___ DATA SUPPLIED ___
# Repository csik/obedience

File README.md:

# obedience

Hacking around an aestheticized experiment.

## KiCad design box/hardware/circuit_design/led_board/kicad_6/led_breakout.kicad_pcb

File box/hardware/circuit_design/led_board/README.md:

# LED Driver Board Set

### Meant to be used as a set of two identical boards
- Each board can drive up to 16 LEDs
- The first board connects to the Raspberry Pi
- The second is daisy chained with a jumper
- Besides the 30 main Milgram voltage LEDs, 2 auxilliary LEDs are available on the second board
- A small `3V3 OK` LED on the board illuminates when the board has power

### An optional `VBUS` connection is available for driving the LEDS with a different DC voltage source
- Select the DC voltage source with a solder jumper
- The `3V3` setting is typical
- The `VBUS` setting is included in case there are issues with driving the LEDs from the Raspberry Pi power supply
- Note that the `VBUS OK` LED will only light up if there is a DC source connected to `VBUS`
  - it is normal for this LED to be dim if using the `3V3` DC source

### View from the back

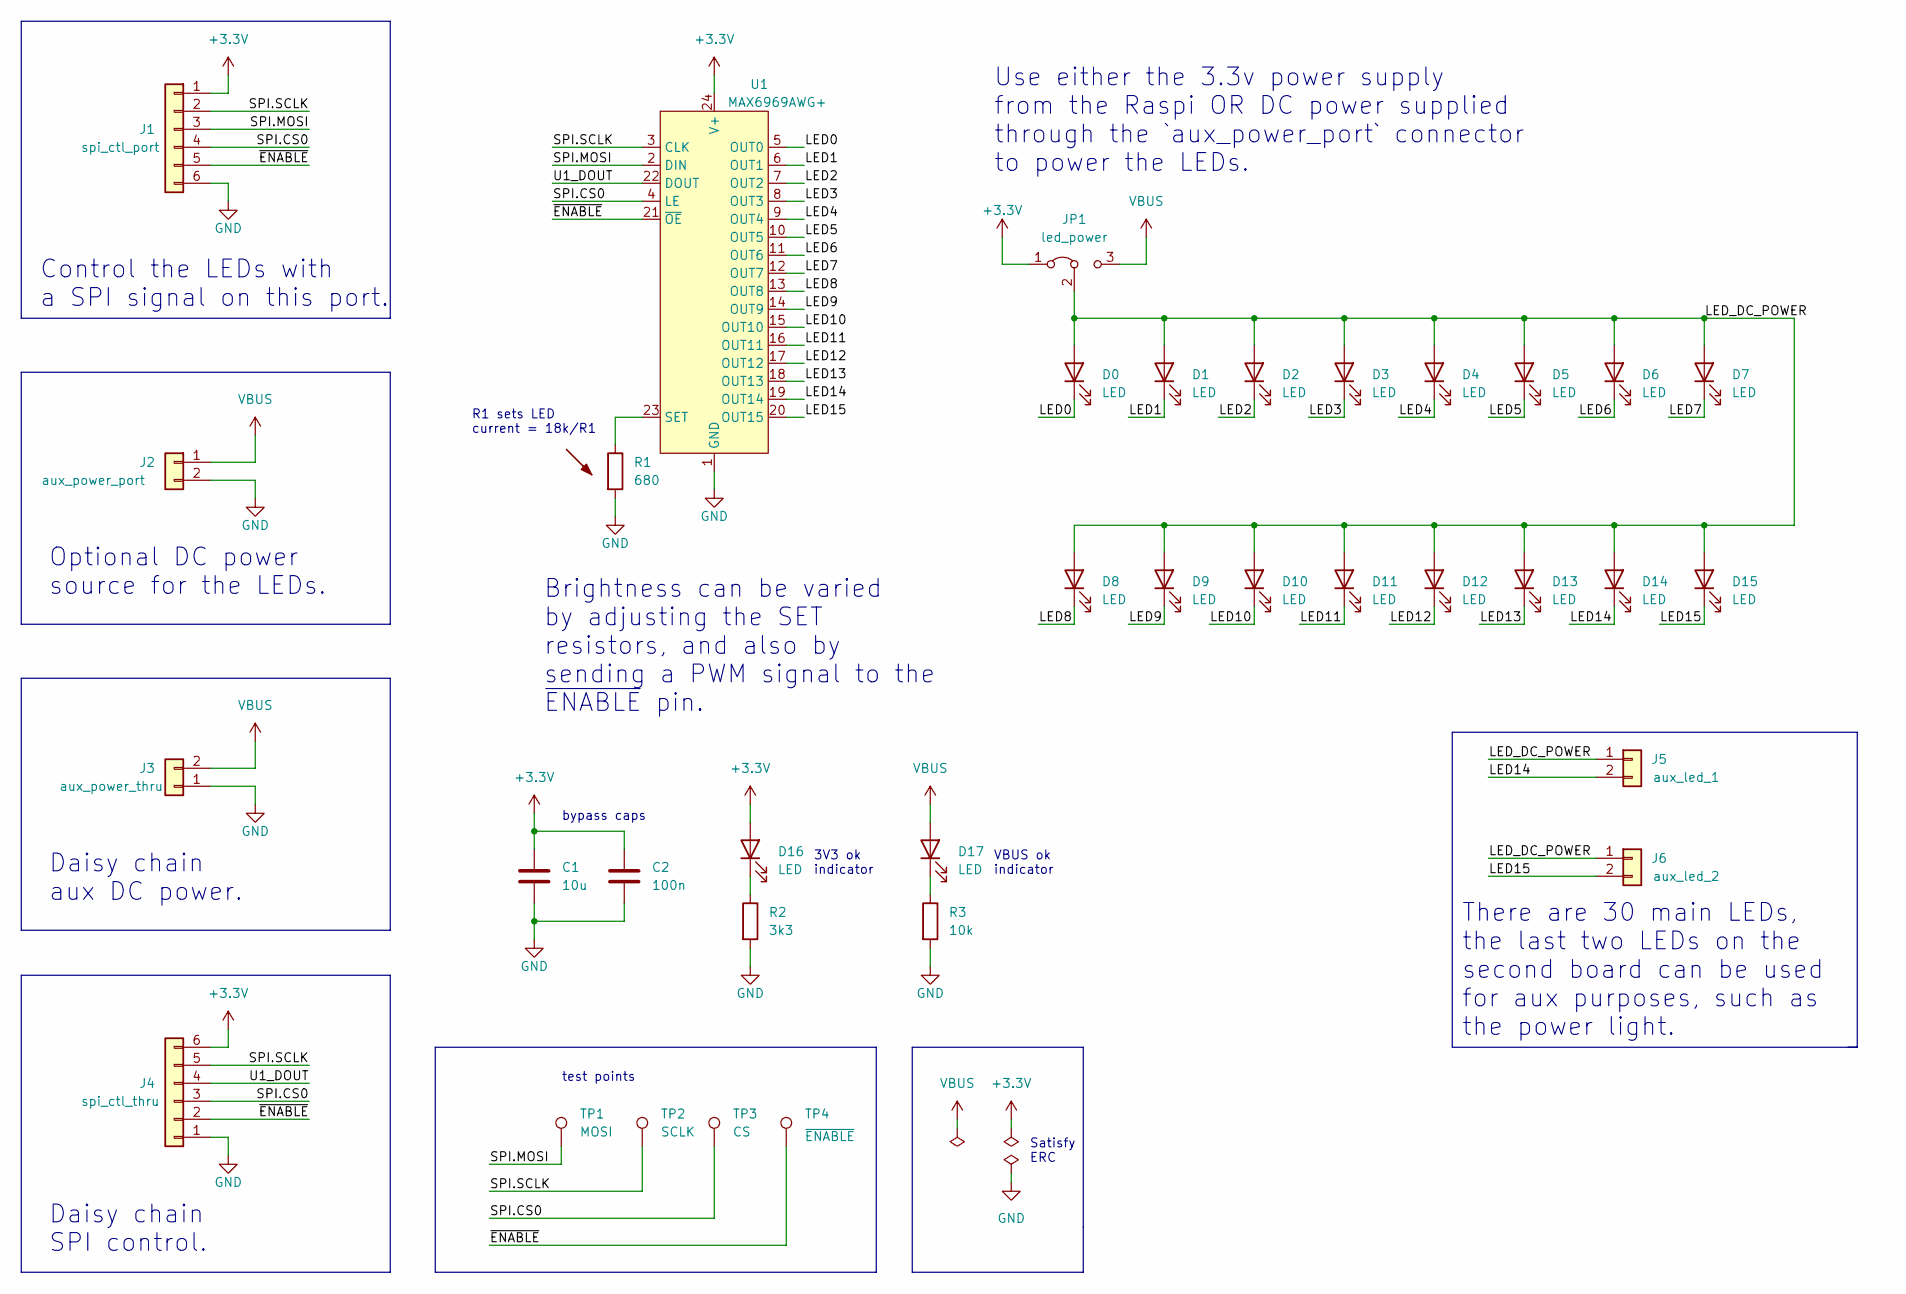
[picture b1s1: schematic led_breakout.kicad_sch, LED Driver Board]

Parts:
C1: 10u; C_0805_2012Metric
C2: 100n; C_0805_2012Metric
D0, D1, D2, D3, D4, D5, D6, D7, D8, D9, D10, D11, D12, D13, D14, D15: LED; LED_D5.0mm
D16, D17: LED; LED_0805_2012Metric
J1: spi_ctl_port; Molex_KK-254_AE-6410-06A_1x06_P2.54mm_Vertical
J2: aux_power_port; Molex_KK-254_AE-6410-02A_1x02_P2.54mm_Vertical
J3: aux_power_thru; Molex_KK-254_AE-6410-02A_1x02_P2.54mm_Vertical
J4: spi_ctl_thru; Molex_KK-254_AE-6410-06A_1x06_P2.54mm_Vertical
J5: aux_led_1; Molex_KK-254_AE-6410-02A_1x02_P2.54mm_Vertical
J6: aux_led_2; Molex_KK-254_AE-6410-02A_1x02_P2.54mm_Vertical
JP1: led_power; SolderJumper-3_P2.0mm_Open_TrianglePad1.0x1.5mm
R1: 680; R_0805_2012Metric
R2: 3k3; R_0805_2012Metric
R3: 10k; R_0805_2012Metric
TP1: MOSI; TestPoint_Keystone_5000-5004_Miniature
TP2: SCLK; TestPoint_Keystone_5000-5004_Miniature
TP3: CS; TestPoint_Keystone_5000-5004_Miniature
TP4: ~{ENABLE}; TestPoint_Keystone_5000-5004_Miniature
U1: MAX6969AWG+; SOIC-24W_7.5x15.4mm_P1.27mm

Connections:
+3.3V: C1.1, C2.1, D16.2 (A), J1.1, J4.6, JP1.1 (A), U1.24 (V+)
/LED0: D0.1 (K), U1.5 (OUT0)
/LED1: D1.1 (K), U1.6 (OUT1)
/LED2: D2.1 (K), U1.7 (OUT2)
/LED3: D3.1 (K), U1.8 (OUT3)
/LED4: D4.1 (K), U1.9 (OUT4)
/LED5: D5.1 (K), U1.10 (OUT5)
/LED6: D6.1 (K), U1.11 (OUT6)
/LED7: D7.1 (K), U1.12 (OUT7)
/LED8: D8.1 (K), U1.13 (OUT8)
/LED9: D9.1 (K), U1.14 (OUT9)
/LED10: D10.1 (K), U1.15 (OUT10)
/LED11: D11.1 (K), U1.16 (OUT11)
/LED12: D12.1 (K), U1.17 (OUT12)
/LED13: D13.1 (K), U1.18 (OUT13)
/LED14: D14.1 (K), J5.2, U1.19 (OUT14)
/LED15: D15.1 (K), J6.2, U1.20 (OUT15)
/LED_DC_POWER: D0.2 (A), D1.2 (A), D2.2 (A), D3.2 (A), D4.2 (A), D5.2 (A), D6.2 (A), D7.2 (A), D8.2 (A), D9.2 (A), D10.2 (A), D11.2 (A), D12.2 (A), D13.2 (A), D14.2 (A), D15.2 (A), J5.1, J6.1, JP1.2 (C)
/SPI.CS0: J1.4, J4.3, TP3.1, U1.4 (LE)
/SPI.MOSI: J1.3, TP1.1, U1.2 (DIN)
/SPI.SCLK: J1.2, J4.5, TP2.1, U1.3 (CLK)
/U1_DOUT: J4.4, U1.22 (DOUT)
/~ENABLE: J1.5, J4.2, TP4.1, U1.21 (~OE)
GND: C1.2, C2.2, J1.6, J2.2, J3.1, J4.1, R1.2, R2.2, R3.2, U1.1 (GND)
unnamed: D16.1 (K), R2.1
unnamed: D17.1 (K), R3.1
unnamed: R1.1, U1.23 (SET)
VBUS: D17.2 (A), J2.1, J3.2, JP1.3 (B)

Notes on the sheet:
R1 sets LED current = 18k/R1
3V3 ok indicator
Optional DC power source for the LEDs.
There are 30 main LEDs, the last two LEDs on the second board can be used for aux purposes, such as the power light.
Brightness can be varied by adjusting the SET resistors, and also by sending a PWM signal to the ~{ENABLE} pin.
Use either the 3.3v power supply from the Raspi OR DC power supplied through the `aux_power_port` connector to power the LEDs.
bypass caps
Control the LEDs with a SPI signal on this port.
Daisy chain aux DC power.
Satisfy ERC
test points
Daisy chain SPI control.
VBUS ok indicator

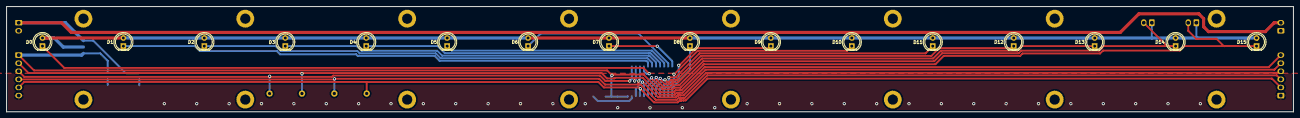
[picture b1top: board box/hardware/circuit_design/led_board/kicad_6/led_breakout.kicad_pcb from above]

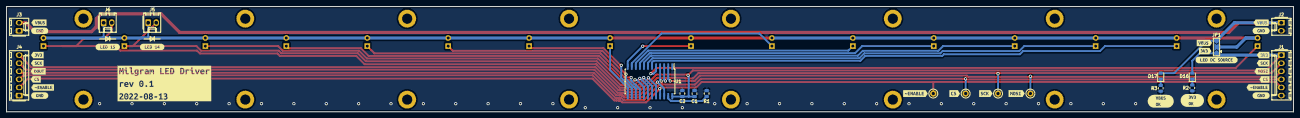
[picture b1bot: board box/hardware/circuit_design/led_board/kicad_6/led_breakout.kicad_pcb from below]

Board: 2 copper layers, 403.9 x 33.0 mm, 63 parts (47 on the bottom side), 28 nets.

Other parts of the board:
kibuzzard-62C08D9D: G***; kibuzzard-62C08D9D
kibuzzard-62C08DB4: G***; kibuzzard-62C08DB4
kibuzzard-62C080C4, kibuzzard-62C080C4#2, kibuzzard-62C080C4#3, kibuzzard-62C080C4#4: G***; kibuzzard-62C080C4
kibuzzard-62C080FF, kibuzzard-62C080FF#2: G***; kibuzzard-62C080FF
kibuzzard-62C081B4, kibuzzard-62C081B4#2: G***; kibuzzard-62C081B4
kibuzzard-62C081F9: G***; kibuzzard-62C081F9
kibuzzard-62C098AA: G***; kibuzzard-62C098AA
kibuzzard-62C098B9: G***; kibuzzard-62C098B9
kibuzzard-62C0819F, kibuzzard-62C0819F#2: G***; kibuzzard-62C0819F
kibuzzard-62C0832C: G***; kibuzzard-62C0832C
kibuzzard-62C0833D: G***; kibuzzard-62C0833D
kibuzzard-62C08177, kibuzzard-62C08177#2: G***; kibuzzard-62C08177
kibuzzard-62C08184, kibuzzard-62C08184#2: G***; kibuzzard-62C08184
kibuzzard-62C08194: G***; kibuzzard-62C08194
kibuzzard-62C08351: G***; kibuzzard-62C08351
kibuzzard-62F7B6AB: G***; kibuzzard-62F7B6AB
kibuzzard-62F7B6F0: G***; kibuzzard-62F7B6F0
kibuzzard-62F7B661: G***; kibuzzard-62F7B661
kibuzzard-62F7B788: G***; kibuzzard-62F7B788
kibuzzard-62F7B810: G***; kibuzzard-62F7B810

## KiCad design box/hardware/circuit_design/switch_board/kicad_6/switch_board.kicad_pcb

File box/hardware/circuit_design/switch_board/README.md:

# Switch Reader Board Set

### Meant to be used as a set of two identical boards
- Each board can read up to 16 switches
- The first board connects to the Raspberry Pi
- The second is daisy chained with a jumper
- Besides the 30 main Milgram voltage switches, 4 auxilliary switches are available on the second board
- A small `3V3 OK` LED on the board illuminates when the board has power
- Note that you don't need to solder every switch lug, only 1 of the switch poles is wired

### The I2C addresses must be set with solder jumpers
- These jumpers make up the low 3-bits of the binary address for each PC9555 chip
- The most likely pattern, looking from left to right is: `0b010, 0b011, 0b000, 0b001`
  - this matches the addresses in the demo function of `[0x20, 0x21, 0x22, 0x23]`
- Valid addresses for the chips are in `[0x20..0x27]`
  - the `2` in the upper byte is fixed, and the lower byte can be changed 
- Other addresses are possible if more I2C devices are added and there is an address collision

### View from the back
___
TASK DESCRIPTION: The reply should hold only the lines from the beginning of the listing above through the line with "# LED Driver Board Set", each one written exactly as it appears.

SOLUTION FOR THIS TASK:
# Repository csik/obedience

File README.md:

# obedience

Hacking around an aestheticized experiment.

## KiCad design box/hardware/circuit_design/led_board/kicad_6/led_breakout.kicad_pcb

File box/hardware/circuit_design/led_board/README.md:

# LED Driver Board Set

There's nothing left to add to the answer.